Start of Records supplied

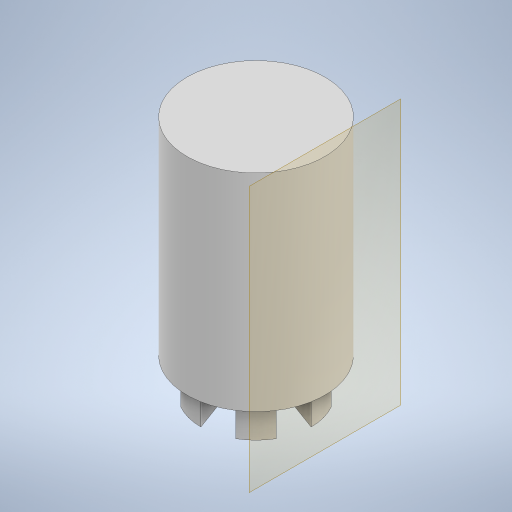
# Autodesk Inventor part: pot gövde
Saved by Autodesk Inventor 2023 (Build 270158000, 158)
## iProperties
Created: 2023-03-11
Part Number: pot gövde
Material: Generic
Document SubType Name: Modeling
Designer: Umut Yücesoy
Density: 1 g/cm^3
Appearance: Default
Author: Umut Yücesoy
Autodesk Inventor part; units mm, degrees
ref_plane "XZ Plane" through (0, 0, 0) normal (0, 1, 0) x (-1, 0, 0)
ref_plane "XY Plane" through (0, 0, 0) normal (0, 0, 1) x (1, 0, 0)
sketch "Sketch1" plane through (0, 0, 0) normal (0, 1, 0) x (-1, 0, 0)
  circle A0 centre (0, 0) radius 10
  dimension "d0" = 20
  constraints: 1 centre point, 1 coincident
  measures "d0" diameter of A0
extrude "Extrusion1" add sketch "Sketch1" along normal blind 30
sketch "Sketch2" plane through (0, 0, 0) normal (0, -1, 0) x (1, 0, 0)
  circle A0 centre (0, 0) radius 2.5
  dimension "d3" = 5
  constraints: 1 centre point, 1 coincident
  measures "d3" diameter of A0
extrude "Extrusion2" add sketch "Sketch2" along normal blind 5
sketch "Sketch3" plane through (0, -5, 0) normal (0, -1, 0) x (1, 0, 0)
  circle A0 centre (0, 0) radius 2.5 projected
  circle A1 centre (0, 0) radius 4.536
  circle A2 centre (0, 0) radius 8
  line L0 (0, -4.536) -> (0, -8)
  line L1 (0, 0) -> (4, -6.9282)
  line L2 (0, 0) -> (8, 0) construction
  point P0 (2.268, -3.9283)
  dimension "d6" = 9.072
  dimension "d7" = 16
  dimension "d8" = 60
  constraints: 6 end point, 2 coincident, 2 point on circle, 1 centre point, 1 equal length, 1 horizontal, 1 vertical, 3 other
  measures "d7" diameter of A2
  measures "d8" angle of L1 L2
extrude "Extrusion3" add sketch "Sketch3" against normal blind 5 contours A1 L1 A2 L0 picked at (1.6377, -6.621)
pattern_circular "Circular Pattern1" count 6 over 360 about axis through (0, 0, 0) along (0, -1, 0) of "Extrusion3"
ref_plane "Work Plane1" through (0, -5, 8) normal (1, 0, 0) x (0, 0, -1)
sketch "Sketch4" plane through (0, -5, 8) normal (1, 0, 0) x (0, 0, -1)
  line L0 (0, 0) -> (1.0718, 0) projected
  line L1 (0, 0) -> (3.4641, 2)
  line L2 (0, 0) -> (4, 0) construction
  line L3 (0, 0) -> (3.4641, 0)
  line L4 (3.4641, 2) -> (3.4641, 0)
  line L5 (5.732, 0) -> (5.732, 5) projected
  line L6 (8, -7) -> (8, 42) projected
  point P0 (8, 5)
  dimension "d15" = 4
  dimension "d16" = 30
  constraints: 8 end point, 1 equal length, 1 horizontal, 1 parallel, 1 point on line
  measures "d15" distance of L0.start L1.end
  measures "d16" angle of L2 L1
revolve "Revolution1" cut sketch "Sketch4" angle 360 about axis through (0, -10, 0) along (0, -1, 0)
ref_plane "Work Plane2" through (10, 0, 0) normal (1, 0, 0) x (0, 1, 0)
body "Solid1"

End of Records supplied

# Task goal:
If a line in the records holds the string "Umut", count it, and give only the total.

# Answer for this exercise:
2